EXERCISE DESCRIPTION. Starting with the line containing "MATLAB Function1/2(output_abs) ->" and going on through the line containing "Host Serial Rx1/3", return the lines of the data below exactly, and only those.

# # #

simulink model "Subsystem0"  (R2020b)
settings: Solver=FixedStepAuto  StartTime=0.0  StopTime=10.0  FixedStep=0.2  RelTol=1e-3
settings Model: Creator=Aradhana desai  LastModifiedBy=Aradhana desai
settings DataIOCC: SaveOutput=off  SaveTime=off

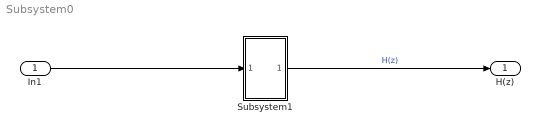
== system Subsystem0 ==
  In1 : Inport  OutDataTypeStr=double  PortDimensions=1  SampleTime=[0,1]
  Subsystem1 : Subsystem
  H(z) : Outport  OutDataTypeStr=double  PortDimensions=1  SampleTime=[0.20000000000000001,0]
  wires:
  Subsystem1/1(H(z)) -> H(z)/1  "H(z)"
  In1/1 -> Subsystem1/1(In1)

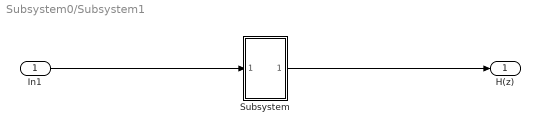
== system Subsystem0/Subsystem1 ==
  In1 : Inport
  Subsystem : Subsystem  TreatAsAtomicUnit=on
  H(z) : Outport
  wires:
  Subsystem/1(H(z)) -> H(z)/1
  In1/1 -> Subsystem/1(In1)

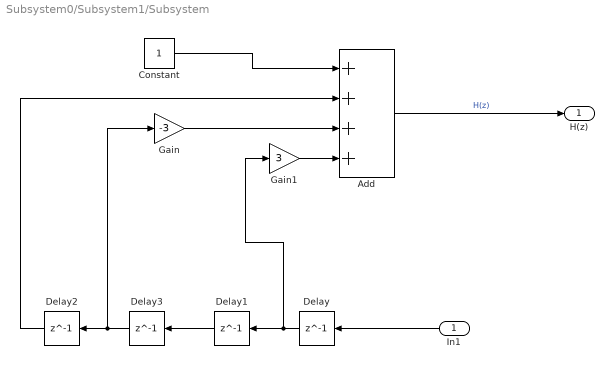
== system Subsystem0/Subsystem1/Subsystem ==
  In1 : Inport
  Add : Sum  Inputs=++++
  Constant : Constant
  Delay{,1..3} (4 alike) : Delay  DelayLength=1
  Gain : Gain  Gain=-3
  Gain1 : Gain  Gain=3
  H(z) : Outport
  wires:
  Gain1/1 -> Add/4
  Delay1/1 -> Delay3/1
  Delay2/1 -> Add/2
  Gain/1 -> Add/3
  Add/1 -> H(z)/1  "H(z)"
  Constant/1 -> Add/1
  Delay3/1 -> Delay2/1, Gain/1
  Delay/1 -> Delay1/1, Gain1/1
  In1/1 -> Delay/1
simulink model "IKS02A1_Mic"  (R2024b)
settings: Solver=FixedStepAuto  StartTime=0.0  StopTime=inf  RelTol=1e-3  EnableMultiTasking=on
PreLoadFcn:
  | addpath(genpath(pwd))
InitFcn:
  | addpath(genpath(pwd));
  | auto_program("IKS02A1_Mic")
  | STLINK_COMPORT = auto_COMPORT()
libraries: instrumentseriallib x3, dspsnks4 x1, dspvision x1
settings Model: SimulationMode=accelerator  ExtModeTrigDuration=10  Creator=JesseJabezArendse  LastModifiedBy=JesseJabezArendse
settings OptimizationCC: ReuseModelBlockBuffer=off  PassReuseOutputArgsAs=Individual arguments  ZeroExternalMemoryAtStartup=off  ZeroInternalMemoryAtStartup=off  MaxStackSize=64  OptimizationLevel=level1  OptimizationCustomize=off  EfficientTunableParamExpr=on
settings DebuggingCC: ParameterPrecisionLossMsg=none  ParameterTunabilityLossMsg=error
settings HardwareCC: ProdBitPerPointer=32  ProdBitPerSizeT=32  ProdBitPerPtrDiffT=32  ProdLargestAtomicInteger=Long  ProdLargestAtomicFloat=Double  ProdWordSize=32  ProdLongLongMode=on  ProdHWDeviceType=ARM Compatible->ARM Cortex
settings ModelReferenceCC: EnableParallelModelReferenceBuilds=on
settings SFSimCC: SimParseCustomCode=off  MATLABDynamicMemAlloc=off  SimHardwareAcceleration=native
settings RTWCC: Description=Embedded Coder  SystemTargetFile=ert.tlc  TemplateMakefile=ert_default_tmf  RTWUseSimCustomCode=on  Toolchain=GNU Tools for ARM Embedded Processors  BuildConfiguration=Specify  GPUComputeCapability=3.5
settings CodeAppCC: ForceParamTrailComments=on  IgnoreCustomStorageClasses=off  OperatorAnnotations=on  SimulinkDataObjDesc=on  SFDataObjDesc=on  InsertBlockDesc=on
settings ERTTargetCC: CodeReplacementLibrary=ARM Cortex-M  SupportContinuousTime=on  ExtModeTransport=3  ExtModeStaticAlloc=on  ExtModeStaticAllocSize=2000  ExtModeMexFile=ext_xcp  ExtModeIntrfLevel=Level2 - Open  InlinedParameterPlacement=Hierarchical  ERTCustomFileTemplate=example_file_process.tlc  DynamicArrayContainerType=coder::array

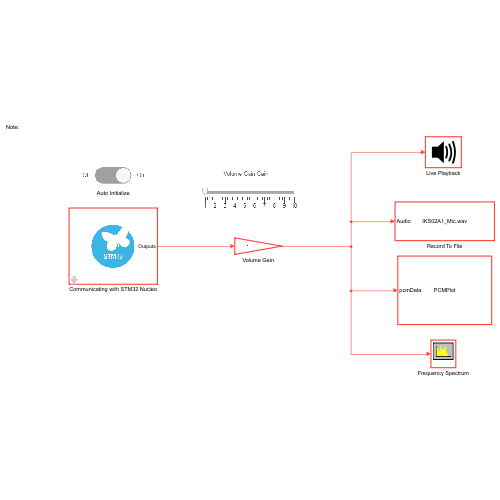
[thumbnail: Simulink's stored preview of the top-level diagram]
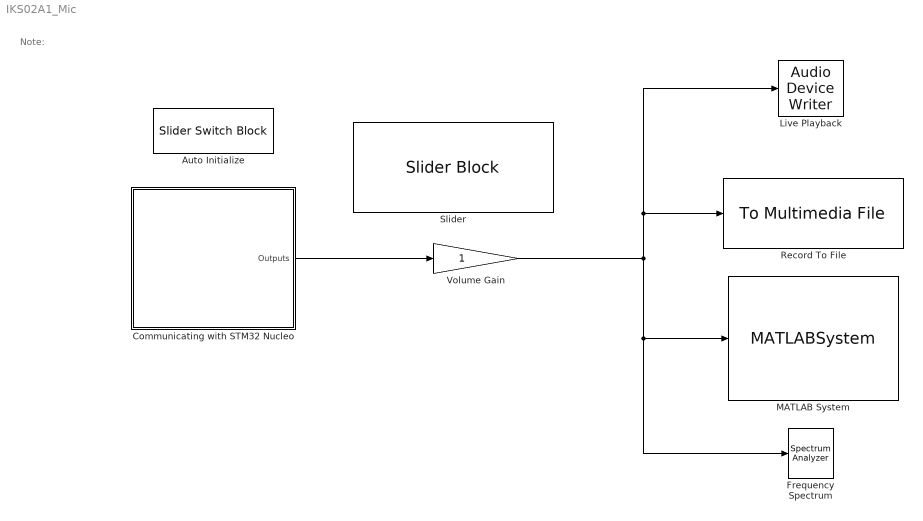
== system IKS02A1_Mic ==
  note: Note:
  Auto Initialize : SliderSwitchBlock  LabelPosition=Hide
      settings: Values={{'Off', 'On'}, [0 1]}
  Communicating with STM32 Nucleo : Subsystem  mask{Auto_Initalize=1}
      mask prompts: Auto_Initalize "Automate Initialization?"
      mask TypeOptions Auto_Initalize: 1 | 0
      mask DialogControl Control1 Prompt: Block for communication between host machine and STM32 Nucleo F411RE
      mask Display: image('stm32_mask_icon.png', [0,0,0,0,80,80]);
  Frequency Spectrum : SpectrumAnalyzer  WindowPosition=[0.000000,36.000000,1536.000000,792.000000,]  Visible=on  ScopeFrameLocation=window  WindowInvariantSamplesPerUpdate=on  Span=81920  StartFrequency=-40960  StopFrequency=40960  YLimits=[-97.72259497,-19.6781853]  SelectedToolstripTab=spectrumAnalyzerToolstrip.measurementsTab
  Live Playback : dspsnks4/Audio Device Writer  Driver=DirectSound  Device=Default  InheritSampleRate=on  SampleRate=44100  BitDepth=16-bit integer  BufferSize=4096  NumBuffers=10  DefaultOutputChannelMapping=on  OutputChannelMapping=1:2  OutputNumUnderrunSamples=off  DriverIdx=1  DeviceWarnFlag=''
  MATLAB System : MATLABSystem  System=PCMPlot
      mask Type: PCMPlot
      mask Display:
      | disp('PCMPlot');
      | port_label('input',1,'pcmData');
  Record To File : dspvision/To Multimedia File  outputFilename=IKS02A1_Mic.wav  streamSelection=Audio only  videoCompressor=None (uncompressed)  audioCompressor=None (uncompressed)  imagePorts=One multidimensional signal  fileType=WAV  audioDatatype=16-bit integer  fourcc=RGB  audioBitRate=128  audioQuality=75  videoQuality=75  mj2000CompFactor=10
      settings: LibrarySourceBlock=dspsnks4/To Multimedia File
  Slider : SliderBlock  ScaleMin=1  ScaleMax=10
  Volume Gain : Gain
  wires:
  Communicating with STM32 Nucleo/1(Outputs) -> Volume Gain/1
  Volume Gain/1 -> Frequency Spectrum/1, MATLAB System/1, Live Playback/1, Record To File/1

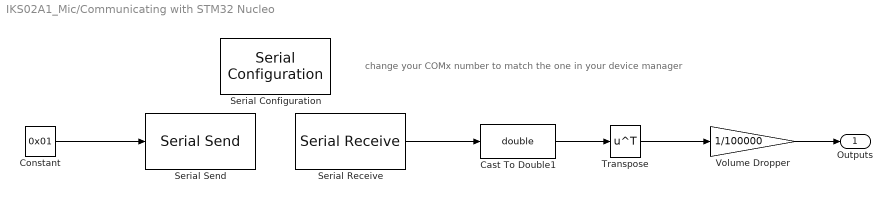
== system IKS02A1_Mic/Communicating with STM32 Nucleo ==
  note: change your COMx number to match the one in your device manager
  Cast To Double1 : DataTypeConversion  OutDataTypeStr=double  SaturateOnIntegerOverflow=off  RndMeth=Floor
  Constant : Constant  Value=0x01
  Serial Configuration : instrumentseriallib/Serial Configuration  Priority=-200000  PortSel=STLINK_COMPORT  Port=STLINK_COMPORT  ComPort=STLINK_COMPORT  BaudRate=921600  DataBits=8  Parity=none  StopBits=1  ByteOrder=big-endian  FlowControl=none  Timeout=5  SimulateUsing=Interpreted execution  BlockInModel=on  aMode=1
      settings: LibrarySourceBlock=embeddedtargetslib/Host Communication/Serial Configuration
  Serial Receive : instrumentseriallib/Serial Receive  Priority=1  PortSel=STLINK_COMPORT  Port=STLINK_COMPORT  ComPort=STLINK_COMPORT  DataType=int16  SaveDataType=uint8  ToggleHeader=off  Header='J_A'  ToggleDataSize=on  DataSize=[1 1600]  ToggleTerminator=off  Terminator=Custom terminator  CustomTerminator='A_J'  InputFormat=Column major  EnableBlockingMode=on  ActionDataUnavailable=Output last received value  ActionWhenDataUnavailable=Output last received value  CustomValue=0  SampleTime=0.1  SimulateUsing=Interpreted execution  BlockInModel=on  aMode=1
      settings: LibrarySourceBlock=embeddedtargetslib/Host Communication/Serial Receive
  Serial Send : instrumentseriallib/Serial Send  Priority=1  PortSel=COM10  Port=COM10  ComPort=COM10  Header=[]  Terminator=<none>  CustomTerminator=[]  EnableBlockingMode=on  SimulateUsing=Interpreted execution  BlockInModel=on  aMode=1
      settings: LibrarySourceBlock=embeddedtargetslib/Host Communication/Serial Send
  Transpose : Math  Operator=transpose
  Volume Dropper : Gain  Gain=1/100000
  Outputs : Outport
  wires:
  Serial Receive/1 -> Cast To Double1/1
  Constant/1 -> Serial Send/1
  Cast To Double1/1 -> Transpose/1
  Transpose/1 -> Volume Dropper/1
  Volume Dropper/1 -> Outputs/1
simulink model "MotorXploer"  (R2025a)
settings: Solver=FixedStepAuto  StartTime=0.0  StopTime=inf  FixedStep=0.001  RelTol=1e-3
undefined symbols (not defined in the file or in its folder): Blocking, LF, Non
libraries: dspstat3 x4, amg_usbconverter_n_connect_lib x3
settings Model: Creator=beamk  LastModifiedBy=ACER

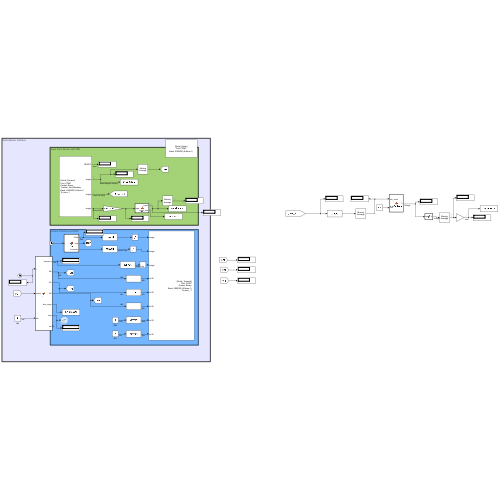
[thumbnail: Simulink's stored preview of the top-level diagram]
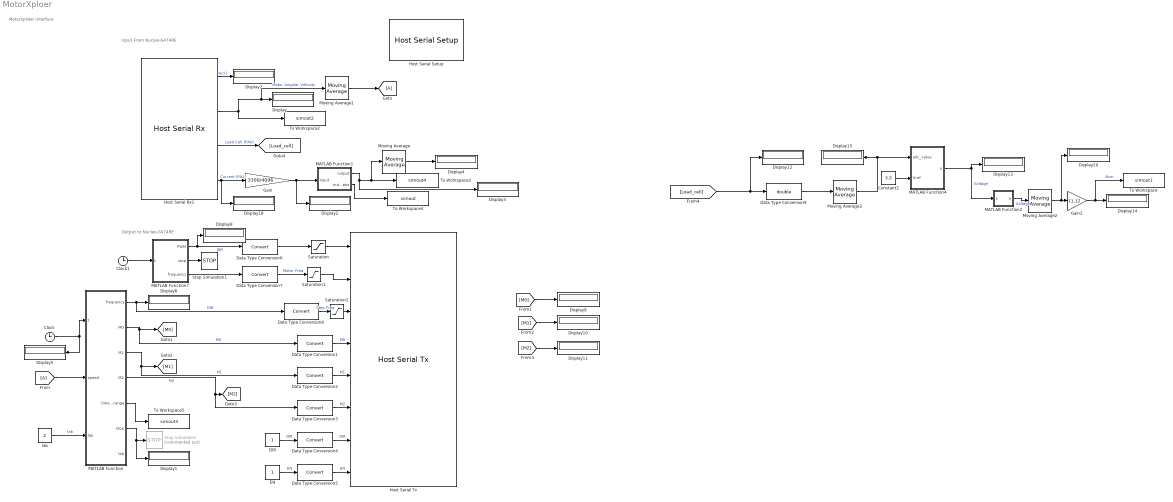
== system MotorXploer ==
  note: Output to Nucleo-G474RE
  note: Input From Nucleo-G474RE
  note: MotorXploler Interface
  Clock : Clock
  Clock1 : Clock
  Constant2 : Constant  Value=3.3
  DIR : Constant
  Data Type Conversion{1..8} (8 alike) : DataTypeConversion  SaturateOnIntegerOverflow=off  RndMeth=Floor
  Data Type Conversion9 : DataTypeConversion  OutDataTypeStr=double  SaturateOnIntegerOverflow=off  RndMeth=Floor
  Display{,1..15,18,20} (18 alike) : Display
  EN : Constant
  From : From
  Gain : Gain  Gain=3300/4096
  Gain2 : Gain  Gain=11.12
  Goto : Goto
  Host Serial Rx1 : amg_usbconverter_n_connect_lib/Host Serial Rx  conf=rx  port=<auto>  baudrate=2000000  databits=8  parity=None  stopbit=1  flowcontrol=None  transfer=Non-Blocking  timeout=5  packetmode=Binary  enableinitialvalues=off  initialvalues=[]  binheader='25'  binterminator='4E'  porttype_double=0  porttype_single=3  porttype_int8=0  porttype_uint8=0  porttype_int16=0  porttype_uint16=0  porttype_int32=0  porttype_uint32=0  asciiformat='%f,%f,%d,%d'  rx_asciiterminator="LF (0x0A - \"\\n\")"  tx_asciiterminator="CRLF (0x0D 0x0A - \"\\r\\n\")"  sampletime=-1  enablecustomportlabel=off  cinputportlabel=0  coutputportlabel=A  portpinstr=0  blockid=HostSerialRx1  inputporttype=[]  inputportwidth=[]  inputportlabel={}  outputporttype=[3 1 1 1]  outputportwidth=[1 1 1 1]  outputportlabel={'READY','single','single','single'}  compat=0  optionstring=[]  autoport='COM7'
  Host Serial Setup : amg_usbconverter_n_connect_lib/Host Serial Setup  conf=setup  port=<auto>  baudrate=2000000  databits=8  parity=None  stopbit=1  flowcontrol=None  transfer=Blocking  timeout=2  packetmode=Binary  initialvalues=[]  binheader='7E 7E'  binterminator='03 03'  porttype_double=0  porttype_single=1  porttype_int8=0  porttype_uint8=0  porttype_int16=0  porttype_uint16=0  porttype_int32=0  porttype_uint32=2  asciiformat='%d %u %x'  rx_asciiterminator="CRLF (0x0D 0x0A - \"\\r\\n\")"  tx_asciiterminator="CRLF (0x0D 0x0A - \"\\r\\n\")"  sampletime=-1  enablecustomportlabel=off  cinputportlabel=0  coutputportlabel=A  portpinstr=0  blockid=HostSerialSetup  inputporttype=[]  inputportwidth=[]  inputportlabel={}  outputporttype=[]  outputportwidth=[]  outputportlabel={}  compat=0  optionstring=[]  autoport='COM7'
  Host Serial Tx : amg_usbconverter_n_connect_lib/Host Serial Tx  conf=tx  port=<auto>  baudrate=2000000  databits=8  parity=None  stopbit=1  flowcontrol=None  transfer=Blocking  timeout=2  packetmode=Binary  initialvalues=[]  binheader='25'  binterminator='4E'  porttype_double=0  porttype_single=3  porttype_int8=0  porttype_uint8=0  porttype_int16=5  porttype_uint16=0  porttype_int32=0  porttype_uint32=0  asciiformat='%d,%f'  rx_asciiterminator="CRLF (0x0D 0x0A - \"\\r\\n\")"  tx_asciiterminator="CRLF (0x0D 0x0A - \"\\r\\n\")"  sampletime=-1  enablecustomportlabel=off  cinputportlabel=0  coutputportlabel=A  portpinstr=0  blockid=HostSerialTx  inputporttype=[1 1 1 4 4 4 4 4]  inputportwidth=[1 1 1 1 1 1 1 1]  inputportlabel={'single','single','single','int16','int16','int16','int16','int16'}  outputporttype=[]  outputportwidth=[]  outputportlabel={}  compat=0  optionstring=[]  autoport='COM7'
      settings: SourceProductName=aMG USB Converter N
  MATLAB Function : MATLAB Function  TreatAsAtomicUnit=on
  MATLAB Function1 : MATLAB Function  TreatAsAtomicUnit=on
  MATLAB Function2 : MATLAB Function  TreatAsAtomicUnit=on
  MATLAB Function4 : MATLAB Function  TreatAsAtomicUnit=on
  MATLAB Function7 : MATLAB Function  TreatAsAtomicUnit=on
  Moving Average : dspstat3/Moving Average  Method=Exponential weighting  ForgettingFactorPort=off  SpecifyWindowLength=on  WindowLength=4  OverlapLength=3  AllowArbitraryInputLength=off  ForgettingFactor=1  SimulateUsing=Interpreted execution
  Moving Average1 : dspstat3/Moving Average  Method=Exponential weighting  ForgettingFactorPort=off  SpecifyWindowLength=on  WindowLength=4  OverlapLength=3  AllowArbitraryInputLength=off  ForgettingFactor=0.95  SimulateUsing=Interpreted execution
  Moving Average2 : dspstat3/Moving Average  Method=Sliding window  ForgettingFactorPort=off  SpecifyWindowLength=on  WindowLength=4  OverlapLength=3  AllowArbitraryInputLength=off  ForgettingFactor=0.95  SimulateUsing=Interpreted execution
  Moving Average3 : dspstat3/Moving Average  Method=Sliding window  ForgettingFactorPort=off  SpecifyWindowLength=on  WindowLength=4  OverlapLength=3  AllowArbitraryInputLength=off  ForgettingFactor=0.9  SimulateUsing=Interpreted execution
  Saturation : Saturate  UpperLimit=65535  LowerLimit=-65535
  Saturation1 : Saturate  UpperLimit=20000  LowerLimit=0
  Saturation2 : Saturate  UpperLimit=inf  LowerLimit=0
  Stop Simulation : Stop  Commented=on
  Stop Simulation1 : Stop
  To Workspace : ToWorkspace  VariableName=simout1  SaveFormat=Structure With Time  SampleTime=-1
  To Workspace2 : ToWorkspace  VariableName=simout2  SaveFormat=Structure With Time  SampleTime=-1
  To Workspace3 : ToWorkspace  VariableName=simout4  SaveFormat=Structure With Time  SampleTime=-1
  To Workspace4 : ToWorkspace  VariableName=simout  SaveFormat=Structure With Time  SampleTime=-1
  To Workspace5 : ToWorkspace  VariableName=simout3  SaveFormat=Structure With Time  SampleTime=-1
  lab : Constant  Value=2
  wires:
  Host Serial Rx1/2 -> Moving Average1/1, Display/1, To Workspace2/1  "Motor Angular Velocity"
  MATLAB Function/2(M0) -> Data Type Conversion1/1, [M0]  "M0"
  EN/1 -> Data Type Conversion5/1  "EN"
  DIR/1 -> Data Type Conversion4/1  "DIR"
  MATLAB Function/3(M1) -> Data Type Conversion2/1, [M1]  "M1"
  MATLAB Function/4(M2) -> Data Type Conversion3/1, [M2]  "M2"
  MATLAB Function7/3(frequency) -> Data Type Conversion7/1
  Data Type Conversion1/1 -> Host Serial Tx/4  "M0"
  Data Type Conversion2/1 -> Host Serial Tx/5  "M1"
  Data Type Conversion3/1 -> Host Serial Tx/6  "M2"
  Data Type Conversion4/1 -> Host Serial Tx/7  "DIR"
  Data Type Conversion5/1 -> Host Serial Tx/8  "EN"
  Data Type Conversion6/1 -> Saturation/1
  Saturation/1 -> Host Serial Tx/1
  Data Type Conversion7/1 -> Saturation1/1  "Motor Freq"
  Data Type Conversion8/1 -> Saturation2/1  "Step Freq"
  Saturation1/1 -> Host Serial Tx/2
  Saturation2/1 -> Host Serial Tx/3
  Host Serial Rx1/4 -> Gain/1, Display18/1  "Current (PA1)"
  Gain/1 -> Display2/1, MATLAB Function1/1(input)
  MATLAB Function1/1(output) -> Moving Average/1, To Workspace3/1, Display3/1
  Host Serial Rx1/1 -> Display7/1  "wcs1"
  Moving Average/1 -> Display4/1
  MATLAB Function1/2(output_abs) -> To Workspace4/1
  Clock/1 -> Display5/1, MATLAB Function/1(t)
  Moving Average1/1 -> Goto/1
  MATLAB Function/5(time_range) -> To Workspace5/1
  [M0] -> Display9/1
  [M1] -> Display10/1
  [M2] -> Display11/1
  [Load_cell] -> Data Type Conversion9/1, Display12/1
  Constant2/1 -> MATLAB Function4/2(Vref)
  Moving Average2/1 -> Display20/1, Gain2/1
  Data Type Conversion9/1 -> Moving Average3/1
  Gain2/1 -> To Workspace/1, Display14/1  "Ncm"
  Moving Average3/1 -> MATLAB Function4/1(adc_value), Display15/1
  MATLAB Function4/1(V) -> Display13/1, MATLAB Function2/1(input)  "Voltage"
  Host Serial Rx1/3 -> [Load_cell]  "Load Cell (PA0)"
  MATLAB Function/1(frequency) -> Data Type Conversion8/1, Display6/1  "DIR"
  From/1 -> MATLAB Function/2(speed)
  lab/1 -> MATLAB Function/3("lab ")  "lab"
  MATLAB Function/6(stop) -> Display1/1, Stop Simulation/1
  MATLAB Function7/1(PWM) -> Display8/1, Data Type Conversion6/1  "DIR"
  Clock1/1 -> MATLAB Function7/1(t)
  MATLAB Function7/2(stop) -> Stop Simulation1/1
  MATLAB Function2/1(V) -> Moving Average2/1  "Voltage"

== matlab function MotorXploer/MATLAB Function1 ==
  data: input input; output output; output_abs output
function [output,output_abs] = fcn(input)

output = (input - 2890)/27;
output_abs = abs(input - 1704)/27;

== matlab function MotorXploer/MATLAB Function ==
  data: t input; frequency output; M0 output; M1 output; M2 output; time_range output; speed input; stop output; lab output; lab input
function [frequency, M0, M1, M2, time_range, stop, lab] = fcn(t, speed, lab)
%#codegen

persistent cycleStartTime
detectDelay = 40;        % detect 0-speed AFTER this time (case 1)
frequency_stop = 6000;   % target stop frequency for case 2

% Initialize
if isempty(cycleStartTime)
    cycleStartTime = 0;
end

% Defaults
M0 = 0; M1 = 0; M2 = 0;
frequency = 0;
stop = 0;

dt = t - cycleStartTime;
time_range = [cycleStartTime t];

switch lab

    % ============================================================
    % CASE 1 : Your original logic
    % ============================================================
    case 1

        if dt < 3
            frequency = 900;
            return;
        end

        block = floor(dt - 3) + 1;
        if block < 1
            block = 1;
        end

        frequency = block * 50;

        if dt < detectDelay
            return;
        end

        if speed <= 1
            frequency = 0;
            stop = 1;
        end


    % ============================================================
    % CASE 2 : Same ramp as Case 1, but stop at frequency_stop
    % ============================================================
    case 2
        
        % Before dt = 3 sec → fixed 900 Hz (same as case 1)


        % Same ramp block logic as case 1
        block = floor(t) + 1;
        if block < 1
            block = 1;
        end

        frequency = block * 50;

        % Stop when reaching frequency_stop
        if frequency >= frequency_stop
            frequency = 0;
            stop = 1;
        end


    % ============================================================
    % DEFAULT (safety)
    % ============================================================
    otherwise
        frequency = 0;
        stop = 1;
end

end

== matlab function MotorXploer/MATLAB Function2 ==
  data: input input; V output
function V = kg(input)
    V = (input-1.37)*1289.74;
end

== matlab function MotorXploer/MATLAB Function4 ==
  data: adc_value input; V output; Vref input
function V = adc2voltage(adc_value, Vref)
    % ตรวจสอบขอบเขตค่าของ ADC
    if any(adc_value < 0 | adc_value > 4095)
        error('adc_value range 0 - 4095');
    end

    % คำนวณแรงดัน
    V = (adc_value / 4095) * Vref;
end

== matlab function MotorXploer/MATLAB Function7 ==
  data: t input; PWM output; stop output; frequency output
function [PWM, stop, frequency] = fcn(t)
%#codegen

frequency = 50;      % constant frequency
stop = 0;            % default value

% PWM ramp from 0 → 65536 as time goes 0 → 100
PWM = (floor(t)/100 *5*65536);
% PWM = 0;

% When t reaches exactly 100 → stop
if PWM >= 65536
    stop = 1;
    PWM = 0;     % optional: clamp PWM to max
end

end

# # #

ANSWER SECTION.
  MATLAB Function1/2(output_abs) -> To Workspace4/1
  Clock/1 -> Display5/1, MATLAB Function/1(t)
  Moving Average1/1 -> Goto/1
  MATLAB Function/5(time_range) -> To Workspace5/1
  [M0] -> Display9/1
  [M1] -> Display10/1
  [M2] -> Display11/1
  [Load_cell] -> Data Type Conversion9/1, Display12/1
  Constant2/1 -> MATLAB Function4/2(Vref)
  Moving Average2/1 -> Display20/1, Gain2/1
  Data Type Conversion9/1 -> Moving Average3/1
  Gain2/1 -> To Workspace/1, Display14/1  "Ncm"
  Moving Average3/1 -> MATLAB Function4/1(adc_value), Display15/1
  MATLAB Function4/1(V) -> Display13/1, MATLAB Function2/1(input)  "Voltage"
  Host Serial Rx1/3 -> [Load_cell]  "Load Cell (PA0)"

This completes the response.